> [EXERCISE]:
Check every line below, and copy those that include "part".

Records from a collection:
══════

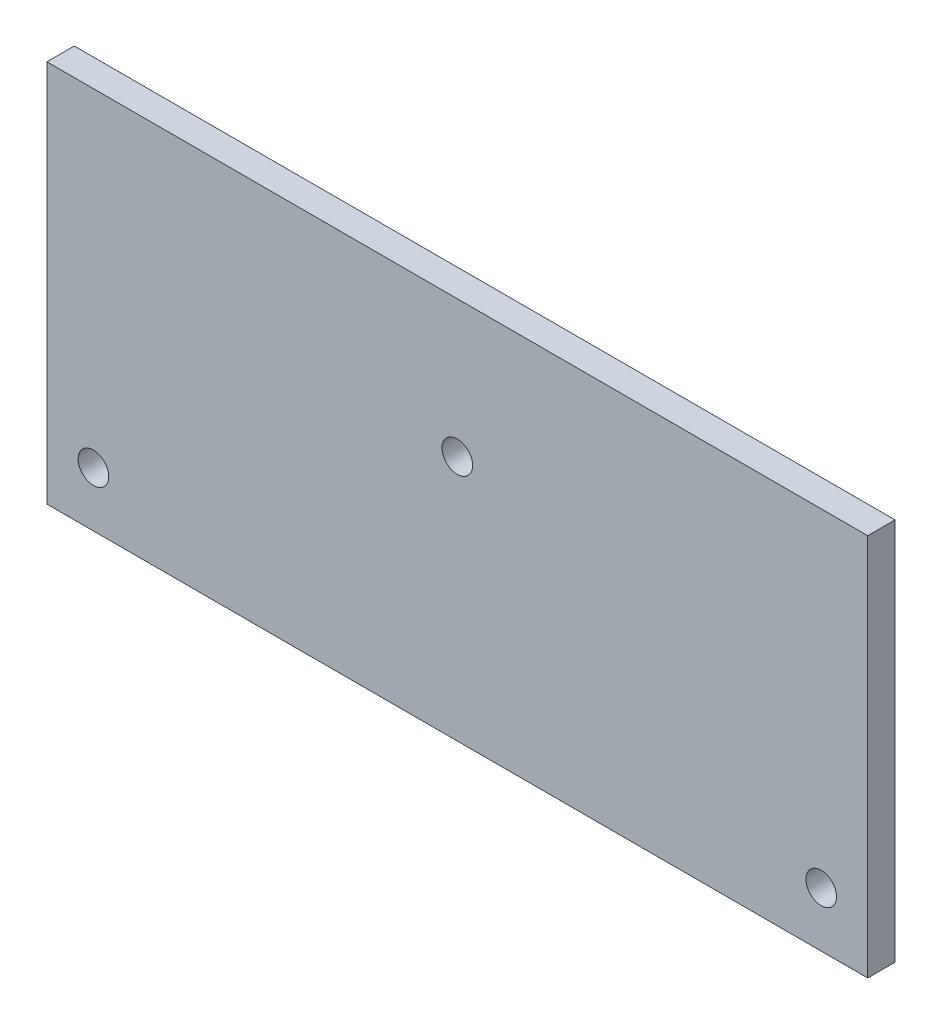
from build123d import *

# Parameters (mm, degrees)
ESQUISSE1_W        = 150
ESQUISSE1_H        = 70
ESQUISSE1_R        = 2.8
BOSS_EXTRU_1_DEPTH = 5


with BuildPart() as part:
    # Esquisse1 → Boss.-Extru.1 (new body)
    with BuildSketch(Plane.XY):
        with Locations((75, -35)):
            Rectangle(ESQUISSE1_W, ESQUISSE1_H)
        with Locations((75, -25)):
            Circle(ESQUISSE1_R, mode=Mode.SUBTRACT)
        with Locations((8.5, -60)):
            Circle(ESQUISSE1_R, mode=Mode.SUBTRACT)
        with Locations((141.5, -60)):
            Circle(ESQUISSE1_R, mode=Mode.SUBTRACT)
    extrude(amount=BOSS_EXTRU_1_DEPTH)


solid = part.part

══════

> [FINISHED TASK]:
with BuildPart() as part:
solid = part.part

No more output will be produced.